--- Required action ---
Pull out from the material below all lines with "relative".

START Data for this task

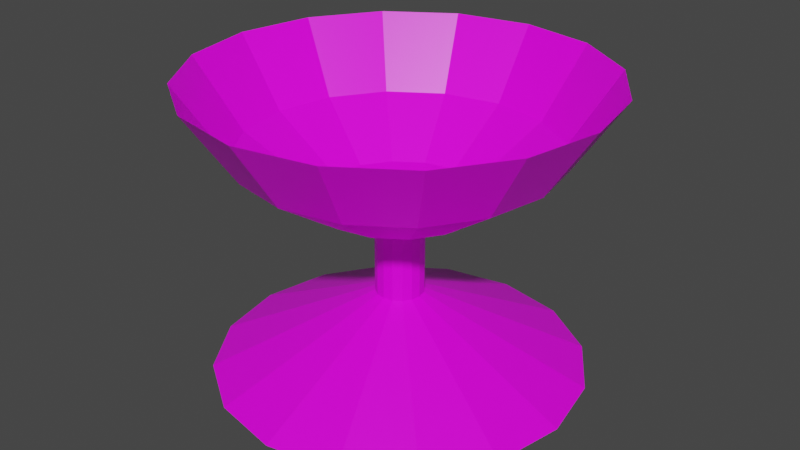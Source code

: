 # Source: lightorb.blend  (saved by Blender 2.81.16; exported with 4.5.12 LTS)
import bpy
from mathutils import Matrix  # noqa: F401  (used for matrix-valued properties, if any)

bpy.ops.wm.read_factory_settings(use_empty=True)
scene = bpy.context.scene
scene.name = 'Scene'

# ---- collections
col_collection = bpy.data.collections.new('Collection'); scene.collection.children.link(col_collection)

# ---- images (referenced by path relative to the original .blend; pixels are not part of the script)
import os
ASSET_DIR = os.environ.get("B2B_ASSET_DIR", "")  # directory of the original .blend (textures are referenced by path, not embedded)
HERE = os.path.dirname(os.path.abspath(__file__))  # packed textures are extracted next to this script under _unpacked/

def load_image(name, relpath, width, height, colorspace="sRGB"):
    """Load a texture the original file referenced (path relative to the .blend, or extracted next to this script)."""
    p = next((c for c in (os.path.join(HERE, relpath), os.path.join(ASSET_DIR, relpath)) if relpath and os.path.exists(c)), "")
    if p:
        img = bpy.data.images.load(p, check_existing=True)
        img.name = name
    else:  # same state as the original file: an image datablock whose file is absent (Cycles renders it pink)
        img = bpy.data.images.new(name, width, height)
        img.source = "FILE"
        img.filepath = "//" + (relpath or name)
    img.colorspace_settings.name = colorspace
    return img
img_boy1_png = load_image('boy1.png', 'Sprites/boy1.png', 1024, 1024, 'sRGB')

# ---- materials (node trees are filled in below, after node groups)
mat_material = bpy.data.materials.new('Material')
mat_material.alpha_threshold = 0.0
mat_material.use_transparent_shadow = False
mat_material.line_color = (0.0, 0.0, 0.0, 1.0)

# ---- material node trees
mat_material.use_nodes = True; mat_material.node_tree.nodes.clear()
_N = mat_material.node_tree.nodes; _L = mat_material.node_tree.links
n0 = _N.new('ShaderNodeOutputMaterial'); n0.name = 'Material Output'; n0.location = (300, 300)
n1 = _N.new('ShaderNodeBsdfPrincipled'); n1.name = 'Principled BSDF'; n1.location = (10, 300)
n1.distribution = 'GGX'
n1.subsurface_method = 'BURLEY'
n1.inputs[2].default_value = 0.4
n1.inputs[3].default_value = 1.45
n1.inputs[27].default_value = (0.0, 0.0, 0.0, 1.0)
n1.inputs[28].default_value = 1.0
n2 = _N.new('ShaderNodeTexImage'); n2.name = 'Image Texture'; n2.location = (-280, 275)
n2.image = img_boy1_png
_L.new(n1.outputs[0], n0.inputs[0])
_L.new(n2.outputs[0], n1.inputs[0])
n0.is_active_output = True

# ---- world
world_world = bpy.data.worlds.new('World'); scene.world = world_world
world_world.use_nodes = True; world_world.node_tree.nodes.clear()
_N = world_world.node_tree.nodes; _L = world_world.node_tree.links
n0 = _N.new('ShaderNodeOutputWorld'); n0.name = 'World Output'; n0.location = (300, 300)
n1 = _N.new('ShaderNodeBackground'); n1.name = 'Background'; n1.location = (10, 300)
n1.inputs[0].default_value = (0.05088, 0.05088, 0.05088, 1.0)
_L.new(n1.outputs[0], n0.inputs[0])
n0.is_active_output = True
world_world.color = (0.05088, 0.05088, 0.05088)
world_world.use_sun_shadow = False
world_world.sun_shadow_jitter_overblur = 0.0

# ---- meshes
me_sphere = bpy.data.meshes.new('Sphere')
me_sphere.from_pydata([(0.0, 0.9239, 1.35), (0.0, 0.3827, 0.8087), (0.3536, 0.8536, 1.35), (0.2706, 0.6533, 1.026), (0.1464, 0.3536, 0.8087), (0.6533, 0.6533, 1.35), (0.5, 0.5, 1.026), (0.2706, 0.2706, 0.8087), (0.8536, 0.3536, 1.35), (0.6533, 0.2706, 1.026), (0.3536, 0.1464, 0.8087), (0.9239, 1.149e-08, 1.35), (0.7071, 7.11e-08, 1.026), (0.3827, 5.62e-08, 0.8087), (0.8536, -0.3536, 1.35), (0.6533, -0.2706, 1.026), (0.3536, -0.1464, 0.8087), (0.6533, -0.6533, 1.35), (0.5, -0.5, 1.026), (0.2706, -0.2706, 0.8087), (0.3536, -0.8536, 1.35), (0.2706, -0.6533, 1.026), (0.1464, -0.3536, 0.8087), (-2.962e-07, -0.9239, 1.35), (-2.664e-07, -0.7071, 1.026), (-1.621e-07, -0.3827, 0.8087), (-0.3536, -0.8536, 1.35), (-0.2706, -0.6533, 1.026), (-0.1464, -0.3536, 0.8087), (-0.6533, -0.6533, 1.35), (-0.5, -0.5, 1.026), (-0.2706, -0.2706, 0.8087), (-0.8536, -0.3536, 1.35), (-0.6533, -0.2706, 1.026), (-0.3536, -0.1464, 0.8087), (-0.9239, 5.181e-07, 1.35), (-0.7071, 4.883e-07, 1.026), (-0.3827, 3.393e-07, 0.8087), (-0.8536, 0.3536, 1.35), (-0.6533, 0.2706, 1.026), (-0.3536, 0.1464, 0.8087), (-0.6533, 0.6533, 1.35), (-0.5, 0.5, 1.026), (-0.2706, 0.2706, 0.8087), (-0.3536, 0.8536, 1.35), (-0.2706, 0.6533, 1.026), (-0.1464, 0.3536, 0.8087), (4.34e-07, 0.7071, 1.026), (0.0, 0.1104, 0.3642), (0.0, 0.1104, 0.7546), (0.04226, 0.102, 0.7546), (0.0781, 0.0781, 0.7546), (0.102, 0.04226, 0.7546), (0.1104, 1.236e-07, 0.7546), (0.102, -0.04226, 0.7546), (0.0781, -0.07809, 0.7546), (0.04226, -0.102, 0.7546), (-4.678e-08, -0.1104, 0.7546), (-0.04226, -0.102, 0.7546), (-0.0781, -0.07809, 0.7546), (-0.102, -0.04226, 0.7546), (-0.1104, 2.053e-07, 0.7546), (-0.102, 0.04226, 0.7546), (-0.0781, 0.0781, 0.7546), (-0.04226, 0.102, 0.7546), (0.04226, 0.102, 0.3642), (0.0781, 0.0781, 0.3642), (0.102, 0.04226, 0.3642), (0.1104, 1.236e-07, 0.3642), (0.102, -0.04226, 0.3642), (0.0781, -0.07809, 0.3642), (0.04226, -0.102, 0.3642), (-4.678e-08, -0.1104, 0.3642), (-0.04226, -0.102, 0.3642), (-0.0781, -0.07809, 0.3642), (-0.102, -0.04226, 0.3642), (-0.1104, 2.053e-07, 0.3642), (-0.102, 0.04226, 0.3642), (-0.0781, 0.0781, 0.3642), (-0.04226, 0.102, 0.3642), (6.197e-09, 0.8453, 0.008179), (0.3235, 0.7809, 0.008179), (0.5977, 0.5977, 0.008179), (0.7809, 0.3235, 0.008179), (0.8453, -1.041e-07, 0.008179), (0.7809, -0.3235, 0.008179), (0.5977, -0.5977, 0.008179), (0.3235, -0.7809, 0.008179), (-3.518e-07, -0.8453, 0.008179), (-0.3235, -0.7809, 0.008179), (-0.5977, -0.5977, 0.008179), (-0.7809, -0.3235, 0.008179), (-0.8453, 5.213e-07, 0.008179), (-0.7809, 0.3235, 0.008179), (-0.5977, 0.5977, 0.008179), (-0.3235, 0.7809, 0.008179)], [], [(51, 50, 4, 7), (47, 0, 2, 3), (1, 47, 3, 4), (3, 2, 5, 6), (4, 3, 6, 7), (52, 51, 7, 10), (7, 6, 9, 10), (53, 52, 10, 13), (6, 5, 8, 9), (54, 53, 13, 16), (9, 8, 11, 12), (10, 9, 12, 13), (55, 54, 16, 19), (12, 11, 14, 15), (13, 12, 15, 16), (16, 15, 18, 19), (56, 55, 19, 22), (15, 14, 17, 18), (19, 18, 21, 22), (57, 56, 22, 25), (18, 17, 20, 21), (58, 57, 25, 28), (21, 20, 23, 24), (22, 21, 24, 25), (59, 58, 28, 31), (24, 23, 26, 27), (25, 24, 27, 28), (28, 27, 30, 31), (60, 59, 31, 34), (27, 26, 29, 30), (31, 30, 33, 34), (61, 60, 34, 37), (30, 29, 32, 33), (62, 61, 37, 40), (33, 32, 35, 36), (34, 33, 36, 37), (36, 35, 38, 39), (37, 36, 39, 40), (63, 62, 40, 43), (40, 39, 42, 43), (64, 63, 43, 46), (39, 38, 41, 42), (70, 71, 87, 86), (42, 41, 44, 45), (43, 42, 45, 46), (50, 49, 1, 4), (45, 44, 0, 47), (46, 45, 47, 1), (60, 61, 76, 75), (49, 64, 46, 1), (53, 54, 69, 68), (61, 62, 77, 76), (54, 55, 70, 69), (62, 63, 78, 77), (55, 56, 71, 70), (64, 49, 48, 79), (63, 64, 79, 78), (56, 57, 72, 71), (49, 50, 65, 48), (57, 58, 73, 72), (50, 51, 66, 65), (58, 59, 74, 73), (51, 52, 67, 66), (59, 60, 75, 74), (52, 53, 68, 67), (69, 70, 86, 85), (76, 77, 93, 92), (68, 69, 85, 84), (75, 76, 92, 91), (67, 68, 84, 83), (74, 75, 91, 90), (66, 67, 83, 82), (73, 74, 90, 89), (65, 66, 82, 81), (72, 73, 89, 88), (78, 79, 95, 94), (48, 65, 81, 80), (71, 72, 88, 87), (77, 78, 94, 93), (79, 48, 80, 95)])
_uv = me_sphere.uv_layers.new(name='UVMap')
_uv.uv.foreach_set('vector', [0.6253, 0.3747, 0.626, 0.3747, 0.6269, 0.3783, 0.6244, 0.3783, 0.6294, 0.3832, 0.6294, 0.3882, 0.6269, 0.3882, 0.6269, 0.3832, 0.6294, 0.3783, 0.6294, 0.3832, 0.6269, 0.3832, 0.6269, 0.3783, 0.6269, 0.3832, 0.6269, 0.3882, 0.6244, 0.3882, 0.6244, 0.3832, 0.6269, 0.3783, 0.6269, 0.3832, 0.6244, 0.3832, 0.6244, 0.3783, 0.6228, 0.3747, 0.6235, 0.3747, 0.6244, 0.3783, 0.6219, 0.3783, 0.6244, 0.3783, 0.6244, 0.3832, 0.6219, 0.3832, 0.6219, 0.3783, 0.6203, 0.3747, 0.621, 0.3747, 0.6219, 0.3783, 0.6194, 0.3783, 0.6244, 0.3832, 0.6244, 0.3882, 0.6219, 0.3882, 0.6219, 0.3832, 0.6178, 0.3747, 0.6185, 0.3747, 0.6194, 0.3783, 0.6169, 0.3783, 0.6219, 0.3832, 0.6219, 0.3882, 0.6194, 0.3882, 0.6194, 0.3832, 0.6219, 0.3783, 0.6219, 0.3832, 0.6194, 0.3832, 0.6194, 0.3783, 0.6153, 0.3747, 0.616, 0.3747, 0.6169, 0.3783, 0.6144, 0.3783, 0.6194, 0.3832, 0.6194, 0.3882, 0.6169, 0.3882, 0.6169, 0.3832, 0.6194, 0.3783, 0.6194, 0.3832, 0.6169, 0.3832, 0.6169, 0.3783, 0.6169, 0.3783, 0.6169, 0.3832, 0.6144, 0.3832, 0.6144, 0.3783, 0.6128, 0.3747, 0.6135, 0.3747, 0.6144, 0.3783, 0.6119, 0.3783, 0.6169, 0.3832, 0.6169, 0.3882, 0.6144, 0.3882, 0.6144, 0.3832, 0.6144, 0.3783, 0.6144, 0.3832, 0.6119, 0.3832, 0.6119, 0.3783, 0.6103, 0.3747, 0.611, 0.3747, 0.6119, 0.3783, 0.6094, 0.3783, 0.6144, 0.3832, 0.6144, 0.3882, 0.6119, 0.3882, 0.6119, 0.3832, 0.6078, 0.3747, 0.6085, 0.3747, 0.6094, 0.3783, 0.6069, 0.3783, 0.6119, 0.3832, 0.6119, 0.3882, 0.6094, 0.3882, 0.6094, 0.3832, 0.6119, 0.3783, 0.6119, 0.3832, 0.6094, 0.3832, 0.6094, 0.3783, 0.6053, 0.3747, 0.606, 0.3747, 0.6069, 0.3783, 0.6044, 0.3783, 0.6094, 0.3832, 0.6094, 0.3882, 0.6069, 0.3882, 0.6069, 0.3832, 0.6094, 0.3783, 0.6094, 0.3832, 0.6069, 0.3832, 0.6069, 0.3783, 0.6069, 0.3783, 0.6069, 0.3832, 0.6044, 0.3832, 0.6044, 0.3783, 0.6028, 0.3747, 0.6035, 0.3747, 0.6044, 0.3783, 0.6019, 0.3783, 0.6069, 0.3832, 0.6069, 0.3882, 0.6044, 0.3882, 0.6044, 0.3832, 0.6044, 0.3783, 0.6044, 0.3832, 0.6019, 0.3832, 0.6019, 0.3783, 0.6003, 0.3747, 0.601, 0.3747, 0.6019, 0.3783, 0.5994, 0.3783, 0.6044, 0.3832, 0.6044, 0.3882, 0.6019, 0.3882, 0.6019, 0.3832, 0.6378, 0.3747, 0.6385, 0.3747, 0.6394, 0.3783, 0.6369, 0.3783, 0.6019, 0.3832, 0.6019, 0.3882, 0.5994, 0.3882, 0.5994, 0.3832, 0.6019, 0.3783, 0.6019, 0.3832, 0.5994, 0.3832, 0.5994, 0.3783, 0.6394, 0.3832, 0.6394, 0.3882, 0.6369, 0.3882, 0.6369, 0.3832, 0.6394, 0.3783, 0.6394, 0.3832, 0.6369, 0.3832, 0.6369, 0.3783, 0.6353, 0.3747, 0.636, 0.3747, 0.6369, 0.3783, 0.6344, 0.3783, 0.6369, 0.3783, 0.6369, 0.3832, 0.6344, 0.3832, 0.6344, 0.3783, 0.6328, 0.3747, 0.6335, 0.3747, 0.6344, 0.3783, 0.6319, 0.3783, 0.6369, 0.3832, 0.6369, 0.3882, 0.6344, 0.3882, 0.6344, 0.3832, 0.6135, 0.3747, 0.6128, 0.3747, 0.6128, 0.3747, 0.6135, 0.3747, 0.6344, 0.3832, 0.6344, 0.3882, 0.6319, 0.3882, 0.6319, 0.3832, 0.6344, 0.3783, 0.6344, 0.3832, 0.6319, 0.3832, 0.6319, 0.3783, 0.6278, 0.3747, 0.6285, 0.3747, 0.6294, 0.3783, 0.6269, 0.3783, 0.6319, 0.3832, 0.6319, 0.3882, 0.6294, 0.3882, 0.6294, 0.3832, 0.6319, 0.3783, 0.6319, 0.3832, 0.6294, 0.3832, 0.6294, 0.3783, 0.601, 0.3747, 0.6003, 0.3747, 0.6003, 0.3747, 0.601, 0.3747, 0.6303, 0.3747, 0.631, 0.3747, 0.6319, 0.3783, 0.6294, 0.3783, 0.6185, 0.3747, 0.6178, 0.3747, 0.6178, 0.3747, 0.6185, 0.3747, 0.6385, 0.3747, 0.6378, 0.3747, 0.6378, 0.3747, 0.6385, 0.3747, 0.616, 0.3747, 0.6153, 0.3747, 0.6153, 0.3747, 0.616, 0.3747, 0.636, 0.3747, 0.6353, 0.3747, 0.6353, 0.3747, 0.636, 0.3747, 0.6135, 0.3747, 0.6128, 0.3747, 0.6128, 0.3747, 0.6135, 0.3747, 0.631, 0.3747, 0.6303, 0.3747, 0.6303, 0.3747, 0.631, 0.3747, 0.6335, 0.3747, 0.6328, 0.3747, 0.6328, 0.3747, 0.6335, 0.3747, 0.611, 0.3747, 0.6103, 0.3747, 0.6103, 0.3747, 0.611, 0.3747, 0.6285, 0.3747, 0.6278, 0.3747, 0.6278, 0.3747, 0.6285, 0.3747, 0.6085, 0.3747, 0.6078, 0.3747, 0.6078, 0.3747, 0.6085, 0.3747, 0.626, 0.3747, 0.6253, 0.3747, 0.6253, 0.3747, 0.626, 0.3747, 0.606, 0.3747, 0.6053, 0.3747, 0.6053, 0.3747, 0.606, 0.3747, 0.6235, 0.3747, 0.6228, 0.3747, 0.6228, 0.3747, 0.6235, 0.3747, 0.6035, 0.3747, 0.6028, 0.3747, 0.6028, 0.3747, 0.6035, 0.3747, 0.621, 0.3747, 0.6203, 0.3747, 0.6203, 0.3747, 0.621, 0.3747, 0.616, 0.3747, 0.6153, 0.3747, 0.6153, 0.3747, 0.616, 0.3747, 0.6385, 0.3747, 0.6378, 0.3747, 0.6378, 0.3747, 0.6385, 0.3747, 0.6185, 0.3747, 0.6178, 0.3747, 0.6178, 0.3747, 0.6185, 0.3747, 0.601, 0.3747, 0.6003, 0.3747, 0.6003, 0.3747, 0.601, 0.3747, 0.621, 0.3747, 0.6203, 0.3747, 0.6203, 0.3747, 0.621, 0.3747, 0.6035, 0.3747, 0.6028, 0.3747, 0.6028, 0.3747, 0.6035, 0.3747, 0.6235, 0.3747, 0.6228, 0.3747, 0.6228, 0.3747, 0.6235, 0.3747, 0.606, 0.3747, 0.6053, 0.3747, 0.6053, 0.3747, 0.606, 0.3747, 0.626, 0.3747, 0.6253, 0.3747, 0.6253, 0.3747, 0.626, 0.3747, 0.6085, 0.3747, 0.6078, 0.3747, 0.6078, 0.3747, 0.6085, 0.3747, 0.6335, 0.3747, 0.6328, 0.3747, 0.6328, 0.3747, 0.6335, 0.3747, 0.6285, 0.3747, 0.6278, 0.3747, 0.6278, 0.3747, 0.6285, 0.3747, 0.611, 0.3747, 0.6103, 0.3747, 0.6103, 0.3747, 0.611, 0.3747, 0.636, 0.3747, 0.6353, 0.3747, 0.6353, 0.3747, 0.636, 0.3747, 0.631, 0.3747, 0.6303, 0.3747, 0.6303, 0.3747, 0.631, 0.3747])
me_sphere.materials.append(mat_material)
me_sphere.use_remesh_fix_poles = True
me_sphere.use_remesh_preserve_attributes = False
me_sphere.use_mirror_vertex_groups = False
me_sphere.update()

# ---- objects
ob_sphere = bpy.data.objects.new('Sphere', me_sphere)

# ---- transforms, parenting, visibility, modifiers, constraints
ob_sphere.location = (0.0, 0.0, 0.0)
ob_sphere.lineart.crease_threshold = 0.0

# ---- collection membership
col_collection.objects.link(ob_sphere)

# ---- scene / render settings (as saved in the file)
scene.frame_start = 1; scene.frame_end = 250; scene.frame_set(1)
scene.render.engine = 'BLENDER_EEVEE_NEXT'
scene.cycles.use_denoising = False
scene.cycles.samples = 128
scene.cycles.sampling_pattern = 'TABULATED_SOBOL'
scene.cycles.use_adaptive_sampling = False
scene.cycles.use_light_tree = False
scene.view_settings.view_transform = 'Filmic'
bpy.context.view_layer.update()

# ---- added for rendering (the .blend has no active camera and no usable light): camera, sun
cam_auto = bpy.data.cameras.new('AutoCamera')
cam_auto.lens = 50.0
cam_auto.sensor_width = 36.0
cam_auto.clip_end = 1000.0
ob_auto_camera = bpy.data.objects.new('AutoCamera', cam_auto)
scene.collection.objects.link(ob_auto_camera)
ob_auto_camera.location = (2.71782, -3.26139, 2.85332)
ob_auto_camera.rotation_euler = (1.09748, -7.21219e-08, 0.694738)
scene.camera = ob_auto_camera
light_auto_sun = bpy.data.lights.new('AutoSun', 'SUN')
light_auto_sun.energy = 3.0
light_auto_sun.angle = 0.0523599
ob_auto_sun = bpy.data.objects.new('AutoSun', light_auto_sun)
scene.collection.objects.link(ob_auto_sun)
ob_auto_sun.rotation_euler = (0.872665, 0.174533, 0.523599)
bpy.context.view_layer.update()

END Data for this task

--- Solution for this task ---
# ---- images (referenced by path relative to the original .blend; pixels are not part of the script)
    """Load a texture the original file referenced (path relative to the .blend, or extracted next to this script)."""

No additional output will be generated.